Action item
Nothing but the lines from the one containing "operare ultra-low power." through the one containing "(ESD / diode TVS).", both included, should be given again, each exactly as written below.

Input for this task
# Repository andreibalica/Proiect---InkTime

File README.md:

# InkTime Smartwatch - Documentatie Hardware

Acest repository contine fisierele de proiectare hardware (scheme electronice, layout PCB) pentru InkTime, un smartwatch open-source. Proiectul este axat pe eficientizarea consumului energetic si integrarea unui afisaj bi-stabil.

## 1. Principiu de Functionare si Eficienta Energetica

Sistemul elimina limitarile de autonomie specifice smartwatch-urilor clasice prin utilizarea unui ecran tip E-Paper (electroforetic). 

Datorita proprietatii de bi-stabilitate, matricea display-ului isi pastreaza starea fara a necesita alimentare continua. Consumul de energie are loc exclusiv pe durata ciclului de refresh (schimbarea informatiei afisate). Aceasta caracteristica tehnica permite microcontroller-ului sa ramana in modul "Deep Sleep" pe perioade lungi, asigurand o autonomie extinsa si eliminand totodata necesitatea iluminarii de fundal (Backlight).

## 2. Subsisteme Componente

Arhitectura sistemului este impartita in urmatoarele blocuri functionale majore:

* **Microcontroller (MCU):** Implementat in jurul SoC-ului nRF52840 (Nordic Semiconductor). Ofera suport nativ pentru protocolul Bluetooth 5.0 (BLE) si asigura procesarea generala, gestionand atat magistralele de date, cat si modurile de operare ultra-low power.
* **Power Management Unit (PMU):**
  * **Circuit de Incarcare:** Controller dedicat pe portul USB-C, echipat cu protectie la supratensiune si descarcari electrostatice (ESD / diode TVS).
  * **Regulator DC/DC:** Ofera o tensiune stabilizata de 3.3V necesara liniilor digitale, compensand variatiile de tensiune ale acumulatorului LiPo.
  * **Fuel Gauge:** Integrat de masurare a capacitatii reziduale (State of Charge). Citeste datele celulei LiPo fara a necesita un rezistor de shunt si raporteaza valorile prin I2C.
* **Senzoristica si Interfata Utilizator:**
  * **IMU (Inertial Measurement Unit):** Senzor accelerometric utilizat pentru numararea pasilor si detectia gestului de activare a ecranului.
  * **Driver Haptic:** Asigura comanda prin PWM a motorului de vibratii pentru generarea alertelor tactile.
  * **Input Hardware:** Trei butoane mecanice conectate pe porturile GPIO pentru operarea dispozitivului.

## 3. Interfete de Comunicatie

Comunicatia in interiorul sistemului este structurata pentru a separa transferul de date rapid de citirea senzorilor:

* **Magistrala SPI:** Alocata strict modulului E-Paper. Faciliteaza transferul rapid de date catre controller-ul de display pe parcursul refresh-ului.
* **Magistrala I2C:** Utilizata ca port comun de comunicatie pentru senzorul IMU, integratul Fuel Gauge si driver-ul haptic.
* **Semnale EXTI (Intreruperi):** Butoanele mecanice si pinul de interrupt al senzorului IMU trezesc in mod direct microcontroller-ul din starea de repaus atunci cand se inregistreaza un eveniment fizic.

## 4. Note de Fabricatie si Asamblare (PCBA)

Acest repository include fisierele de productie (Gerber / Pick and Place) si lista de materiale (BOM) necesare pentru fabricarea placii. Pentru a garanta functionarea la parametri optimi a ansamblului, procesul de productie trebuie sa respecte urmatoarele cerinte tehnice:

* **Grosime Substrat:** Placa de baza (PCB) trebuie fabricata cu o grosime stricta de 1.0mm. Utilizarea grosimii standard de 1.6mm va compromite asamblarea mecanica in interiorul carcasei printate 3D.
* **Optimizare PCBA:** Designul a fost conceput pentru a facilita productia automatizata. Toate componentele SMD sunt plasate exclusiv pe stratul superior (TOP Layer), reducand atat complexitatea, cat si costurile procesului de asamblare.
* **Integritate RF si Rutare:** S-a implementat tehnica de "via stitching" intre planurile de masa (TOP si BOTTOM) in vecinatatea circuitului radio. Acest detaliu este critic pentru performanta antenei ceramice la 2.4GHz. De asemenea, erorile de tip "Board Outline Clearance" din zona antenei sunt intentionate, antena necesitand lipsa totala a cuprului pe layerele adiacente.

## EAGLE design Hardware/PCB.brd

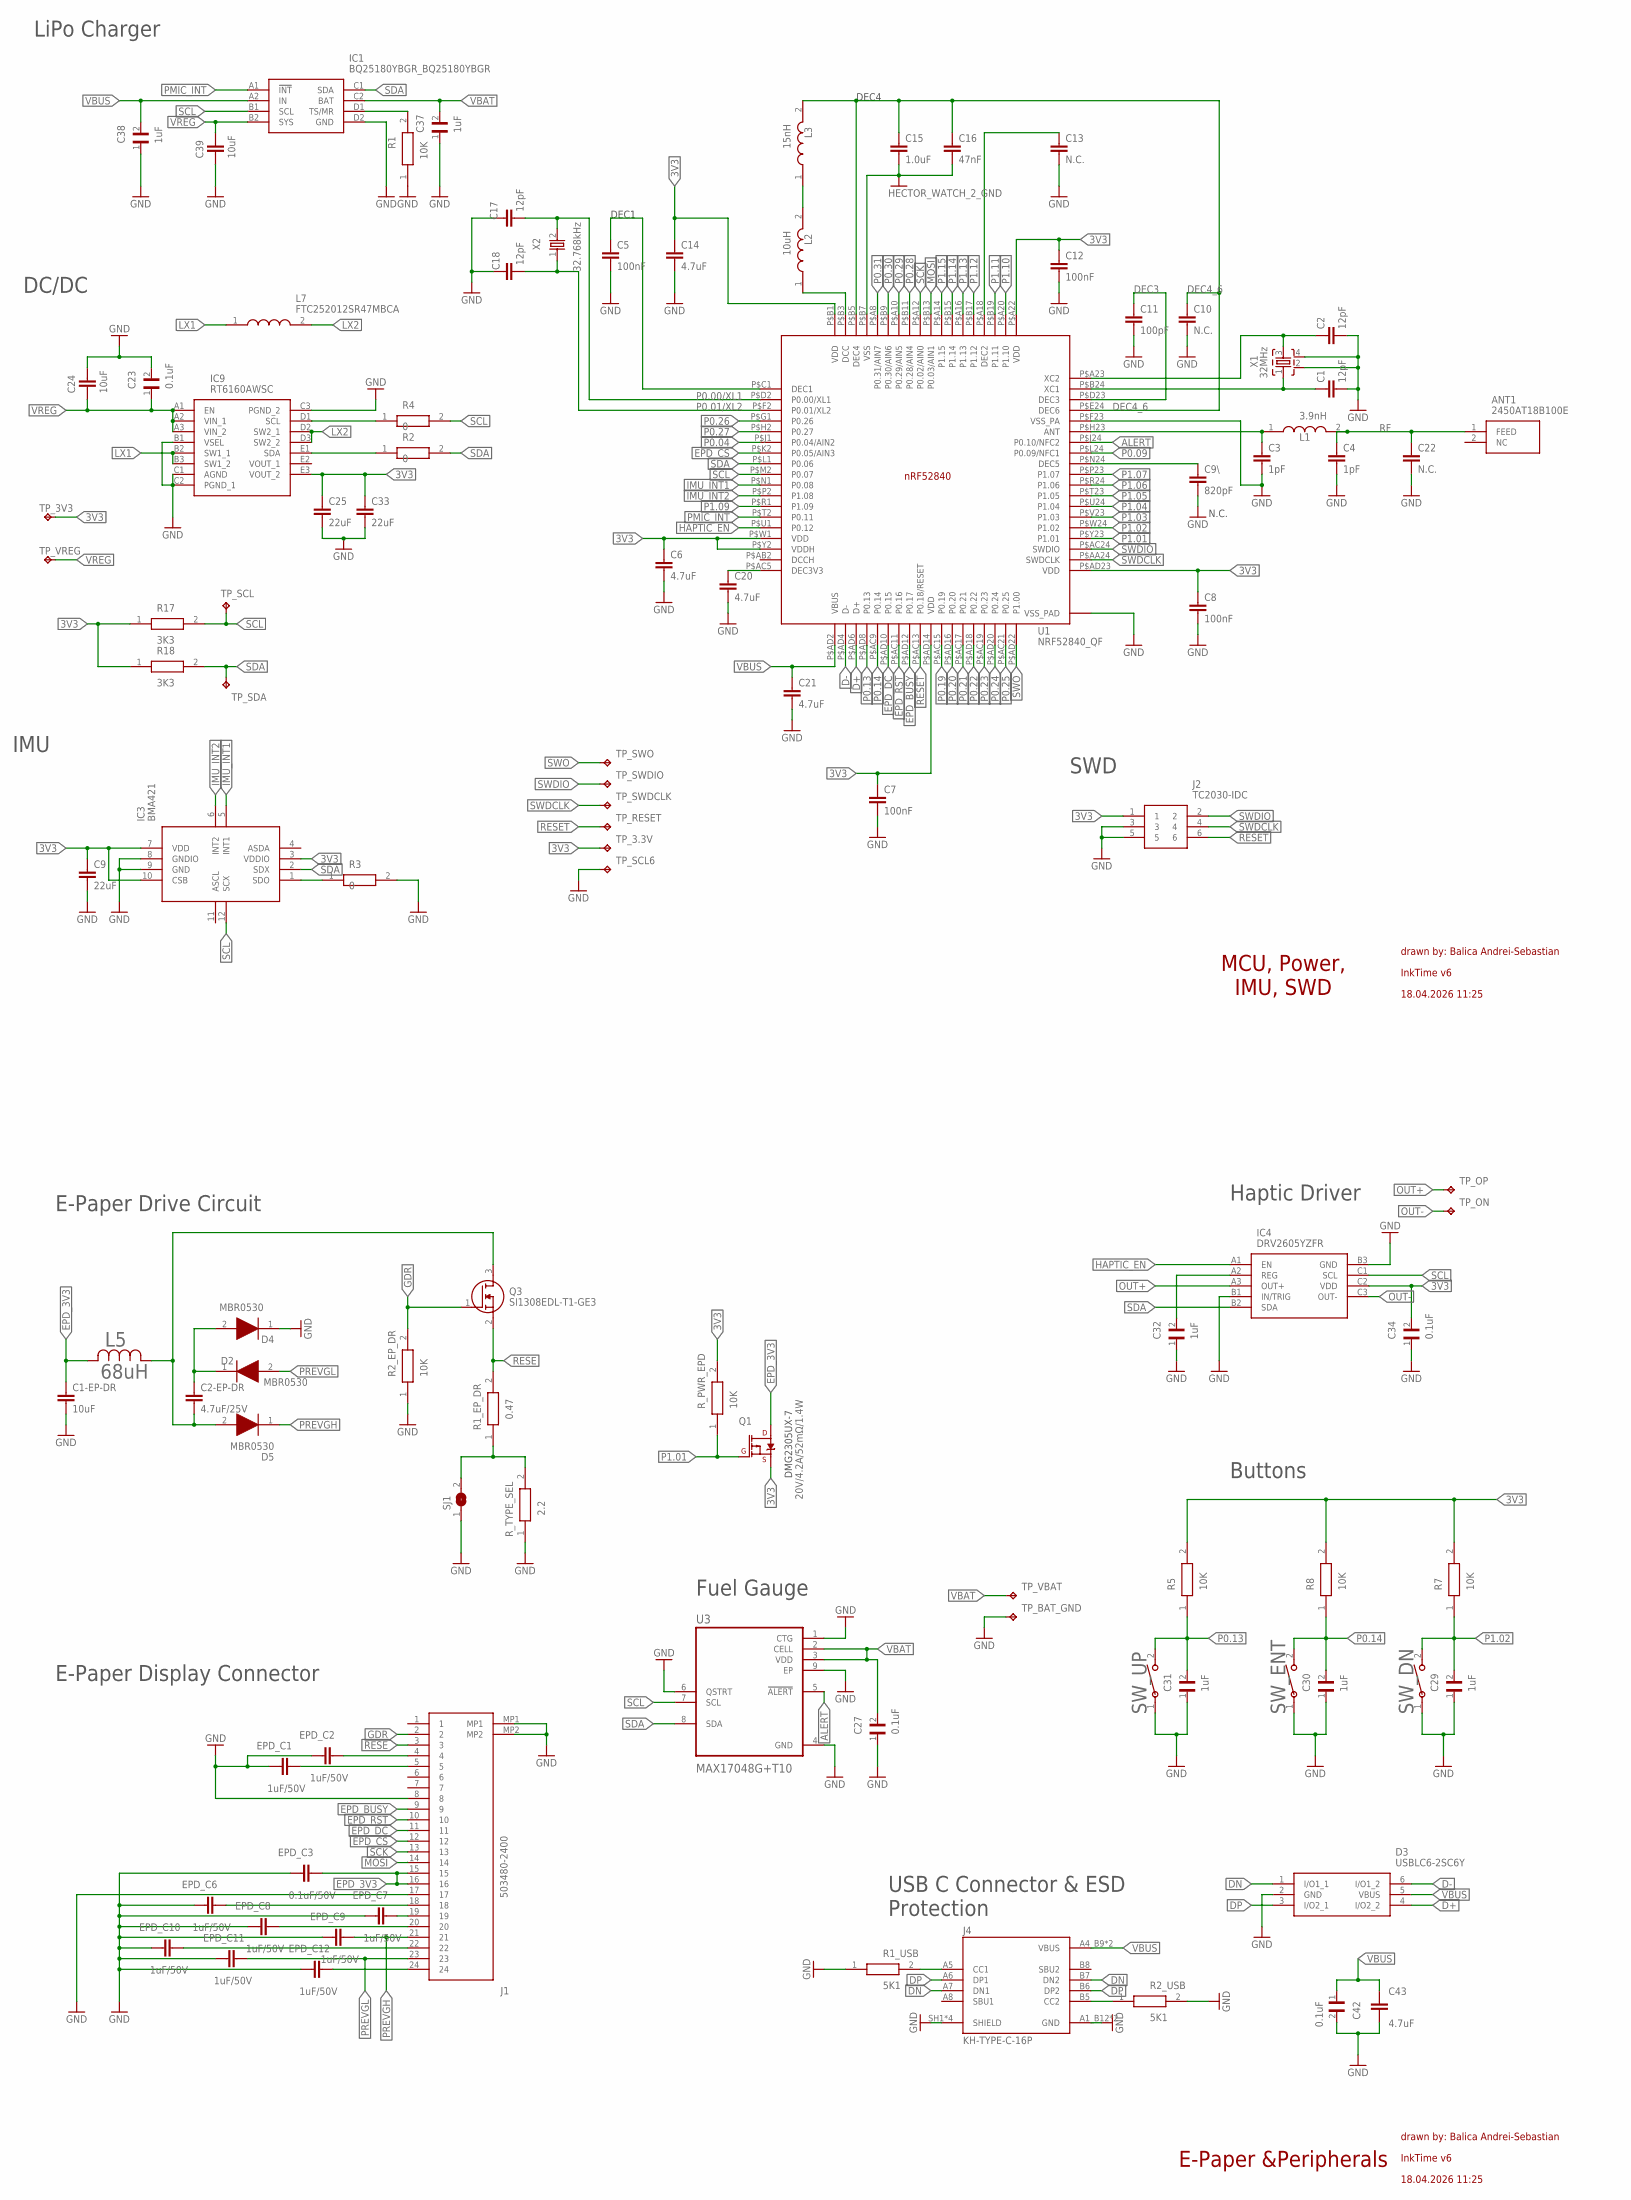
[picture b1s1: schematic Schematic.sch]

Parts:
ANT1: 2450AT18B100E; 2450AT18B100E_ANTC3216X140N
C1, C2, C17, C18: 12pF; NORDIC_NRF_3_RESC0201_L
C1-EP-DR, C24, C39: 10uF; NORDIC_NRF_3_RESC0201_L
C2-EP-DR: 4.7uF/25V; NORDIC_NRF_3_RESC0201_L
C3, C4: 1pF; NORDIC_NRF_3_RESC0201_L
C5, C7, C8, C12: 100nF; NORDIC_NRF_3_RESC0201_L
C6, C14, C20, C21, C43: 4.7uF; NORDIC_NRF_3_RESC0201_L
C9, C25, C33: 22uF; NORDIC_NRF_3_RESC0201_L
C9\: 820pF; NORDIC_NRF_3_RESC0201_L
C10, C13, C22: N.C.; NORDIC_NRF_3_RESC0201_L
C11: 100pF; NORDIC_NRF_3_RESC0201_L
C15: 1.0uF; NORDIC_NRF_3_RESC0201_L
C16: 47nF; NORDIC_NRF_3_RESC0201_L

Response below
* **Microcontroller (MCU):** Implementat in jurul SoC-ului nRF52840 (Nordic Semiconductor). Ofera suport nativ pentru protocolul Bluetooth 5.0 (BLE) si asigura procesarea generala, gestionand atat magistralele de date, cat si modurile de operare ultra-low power.
* **Power Management Unit (PMU):**
  * **Circuit de Incarcare:** Controller dedicat pe portul USB-C, echipat cu protectie la supratensiune si descarcari electrostatice (ESD / diode TVS).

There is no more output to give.